■ **WHAT YOU HAVE TO DO**
Could you write out, exactly, every line from the top of the data through the line holding "doc.linetypes.add('Verdeckt', pattern=[0.003, 0.002, -0.001])"? Omit the pictures.

■ **RECORDS SHOWN**
════════

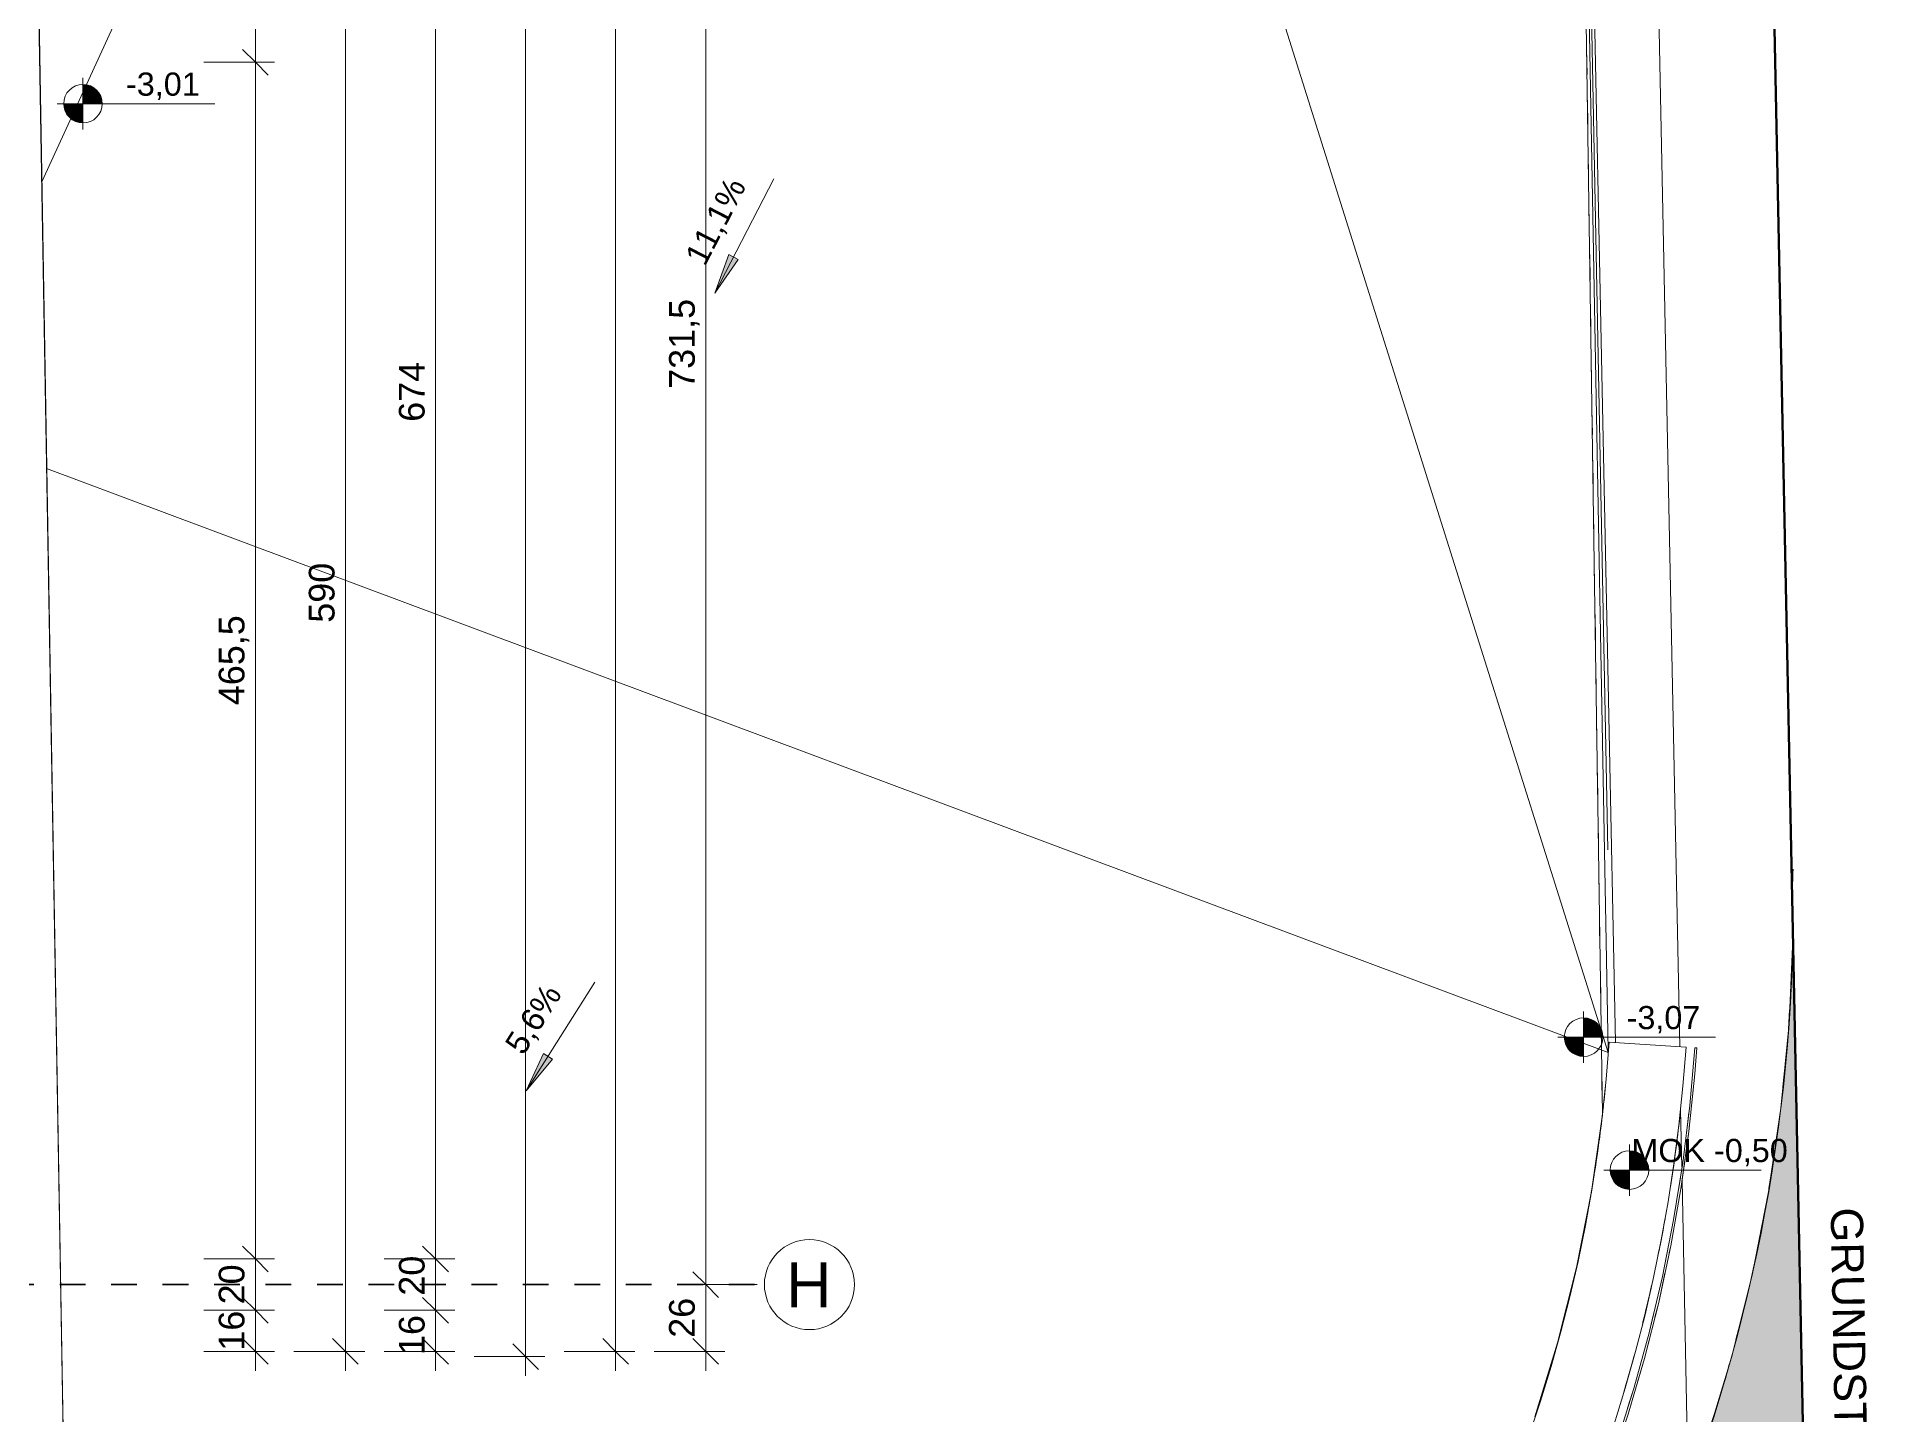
# Model space of a CAD drawing. Header units: metres. Extents: x -2.6 to 53.4, y 58.8 to 100.4.
# Drawn here: x 45.33 to 52.47, y 70.57 to 75.93 of the extents above; entities that cross this region are included whole.
import ezdxf

# ---------------------------------------------------------------- set-up
doc = ezdxf.new("R2010")
doc.units = ezdxf.units.M
doc.linetypes.add('Strich Punkt Mittel', pattern=[0.015875, 0.00635, -0.004763, 0, -0.004763])
doc.linetypes.add('Verdeckt', pattern=[0.003, 0.002, -0.001])
for name, color, linetype, lineweight in [('A-DETL-GENF_', 92, 'Continuous', 13), ('A-DETL-MBND', 5, 'Continuous', 5), ('A-FLOR-HRAL', 11, 'Continuous', 5), ('A_2D', 7, 'Continuous', 13), ('A_Bemassung-50_', 4, 'Continuous', 9), ('A_Bemassung_', 4, 'Continuous', 9), ('A_Beschriftung_', 7, 'Continuous', 9), ('A_Decken', 8, 'Continuous', 13), ('A_Gelaender', 7, 'Continuous', 13), ('A_Grundstuecksgrenze', 5, 'Continuous', 70), ('A_Raeume', 7, 'Continuous', 13), ('A_Raeume_', 7, 'Continuous', 5), ('A_Raster_', 1, 'Continuous', 9), ('A_Waende', 7, 'Continuous', 13), ('G-ANNO-DIMS_', 111, 'Continuous', 9), ('Text', 130, 'Continuous', 9)]:
    doc.layers.add(name, color=color, linetype=linetype, lineweight=lineweight)
doc.styles.add('Arial_1', font='arial.ttf', dxfattribs={"height": 0.175})
doc.styles.add('Arial_2', font='arial.ttf', dxfattribs={"height": 0.09})
doc.styles.add('Arial_3', font='arial.ttf', dxfattribs={"height": 0.125})
doc.styles.add('Arial_5', font='arial.ttf', dxfattribs={"height": 0.1})
doc.dimstyles.new('WGA-Bemaßung', dxfattribs={"dimscale": 0.3048, "dimtxt": 0.102026, "dimasz": 0.328084, "dimexe": 0.246063, "dimexo": 0.0625, "dimgap": 0.04101, "dimtad": 1, "dimdec": 1, "dimlfac": 100, "dimrnd": 0.5, "dimdsep": 46, "dimtxsty": 'Arial_5', "dimblk1": 'OBLIQUE', "dimblk2": 'OBLIQUE', "dimsah": 1, "dimcen": 0.09, "dimdle": 0.246063, "dimazin": 2, "dimtfac": 1, "dimtdec": 4, "dimtix": 1, "dimtmove": 0, "dimatfit": 3, "dimfxl": 0.656168, "dimfxlon": 1, "dimtvp": 1, "dimtolj": 1, "dimtzin": 0, "dimarcsym": 2})
doc.dimstyles.new('WGA-Bemaßung_1', dxfattribs={"dimscale": 0.3048, "dimtxt": 0.102026, "dimasz": 0.328084, "dimexe": 0.246063, "dimexo": 0.0625, "dimgap": 0.04101, "dimtad": 1, "dimdec": 1, "dimlfac": 100, "dimrnd": 0.5, "dimdsep": 46, "dimtxsty": 'Arial_5', "dimblk1": 'OBLIQUE', "dimblk2": 'OBLIQUE', "dimsah": 1, "dimcen": 0.09, "dimdle": 0.246063, "dimazin": 2, "dimtfac": 1, "dimtdec": 4, "dimtix": 1, "dimtmove": 2, "dimatfit": 3, "dimfxl": 0.656168, "dimfxlon": 1, "dimtvp": 1, "dimtolj": 1, "dimtzin": 0, "dimarcsym": 2})
doc.dimstyles.new('WGA-Bemaßung_3', dxfattribs={"dimscale": 0.3048, "dimtxt": 0.102026, "dimasz": 0.328084, "dimexe": 0.246063, "dimexo": 0.0625, "dimgap": 0.04101, "dimtad": 1, "dimdec": 1, "dimlfac": 100, "dimrnd": 0.5, "dimdsep": 46, "dimtxsty": 'Arial_5', "dimblk1": 'OBLIQUE', "dimblk2": 'OBLIQUE', "dimsah": 1, "dimcen": 0.09, "dimdle": 0.246063, "dimazin": 2, "dimtfac": 1, "dimtdec": 4, "dimtix": 1, "dimtmove": 0, "dimatfit": 3, "dimfxl": 0.656168, "dimfxlon": 1, "dimtvp": 1, "dimtolj": 1, "dimtzin": 0, "dimarcsym": 2})

# ---------------------------------------------------------------- blocks, each defined once
blk = doc.blocks.new('Geländer - Geländer-11075720-263_PP_00EG_BT1')
at = {"layer": 'A_Gelaender', "lineweight": 5}
for p, q in [((51.7751, 71.9989), (51.7831, 71.9984)), ((51.7526, 71.7466), (51.7429, 71.667)), ((51.7526, 71.7466), (51.7429, 71.667)), ((51.7526, 71.7466), (51.7429, 71.667)), ((51.7526, 71.7466), (51.7429, 71.667)), ((51.7526, 71.7466), (51.7429, 71.667)), ((51.7194, 71.4932), (51.705, 71.4029)), ((51.7194, 71.4932), (51.705, 71.4029)), ((51.7194, 71.4932), (51.705, 71.4029)), ((51.7194, 71.4932), (51.705, 71.4029)), ((51.7194, 71.4932), (51.705, 71.4029)), ((51.6748, 71.236), (51.6578, 71.15)), ((51.6748, 71.236), (51.6578, 71.15)), ((51.6748, 71.236), (51.6578, 71.15)), ((51.6748, 71.236), (51.6578, 71.15)), ((51.6748, 71.236), (51.6578, 71.15)), ((51.6142, 70.9584), (51.6009, 70.9023)), ((51.6142, 70.9584), (51.6009, 70.9023)), ((51.6142, 70.9584), (51.6009, 70.9023)), ((51.6142, 70.9584), (51.6009, 70.9023)), ((51.6142, 70.9584), (51.6009, 70.9023)), ((51.5337, 70.6584), (51.5144, 70.5972)), ((51.5337, 70.6584), (51.5144, 70.5972)), ((51.5337, 70.6584), (51.5144, 70.5972)), ((51.5337, 70.6584), (51.5144, 70.5972)), ((51.5337, 70.6584), (51.5144, 70.5972))]:
    blk.add_line(p, q, dxfattribs=at)
at = {"layer": 'A_Gelaender', "lineweight": 5, "flags": 128}
for points in [[(51.7751, 71.9989), (51.756, 71.7749), (51.7288, 71.5517), (51.6933, 71.3296), (51.6497, 71.109), (51.5981, 70.8902), (51.5384, 70.6734), (51.4708, 70.4589)], [(51.4456, 70.3613), (51.5167, 70.5748), (51.58, 70.7907), (51.6353, 71.0088), (51.6826, 71.2288), (51.7217, 71.4503), (51.7527, 71.6732), (51.7755, 71.8971), (51.7831, 71.9984)], [(51.764, 71.7846), (51.7755, 71.8971), (51.7831, 71.9984)], [(51.764, 71.7846), (51.7755, 71.8971), (51.7831, 71.9984)], [(51.764, 71.7846), (51.7755, 71.8971), (51.7831, 71.9984)], [(51.764, 71.7846), (51.7755, 71.8971), (51.7831, 71.9984)], [(51.764, 71.7846), (51.7755, 71.8971), (51.7831, 71.9984)], [(51.7392, 71.5761), (51.7527, 71.6732), (51.7556, 71.7017)], [(51.7392, 71.5761), (51.7527, 71.6732), (51.7556, 71.7017)], [(51.7392, 71.5761), (51.7527, 71.6732), (51.7556, 71.7017)], [(51.7392, 71.5761), (51.7527, 71.6732), (51.7556, 71.7017)], [(51.7392, 71.5761), (51.7527, 71.6732), (51.7556, 71.7017)], [(51.6766, 71.2008), (51.6826, 71.2288), (51.7217, 71.4503), (51.7377, 71.565)], [(51.6766, 71.2008), (51.6826, 71.2288), (51.7217, 71.4503), (51.7377, 71.565)], [(51.6766, 71.2008), (51.6826, 71.2288), (51.7217, 71.4503), (51.7377, 71.565)], [(51.6766, 71.2008), (51.6826, 71.2288), (51.7217, 71.4503), (51.7377, 71.565)], [(51.6766, 71.2008), (51.6826, 71.2288), (51.7217, 71.4503), (51.7377, 71.565)], [(51.6207, 70.9511), (51.6353, 71.0088), (51.6597, 71.1223)], [(51.6207, 70.9511), (51.6353, 71.0088), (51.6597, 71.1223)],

════════

■ **THE COMPLETED TASK**
# Model space of a CAD drawing. Header units: metres. Extents: x -2.6 to 53.4, y 58.8 to 100.4.
# Drawn here: x 45.33 to 52.47, y 70.57 to 75.93 of the extents above; entities that cross this region are included whole.
import ezdxf

# ---------------------------------------------------------------- set-up
doc = ezdxf.new("R2010")
doc.units = ezdxf.units.M
doc.linetypes.add('Strich Punkt Mittel', pattern=[0.015875, 0.00635, -0.004763, 0, -0.004763])
doc.linetypes.add('Verdeckt', pattern=[0.003, 0.002, -0.001])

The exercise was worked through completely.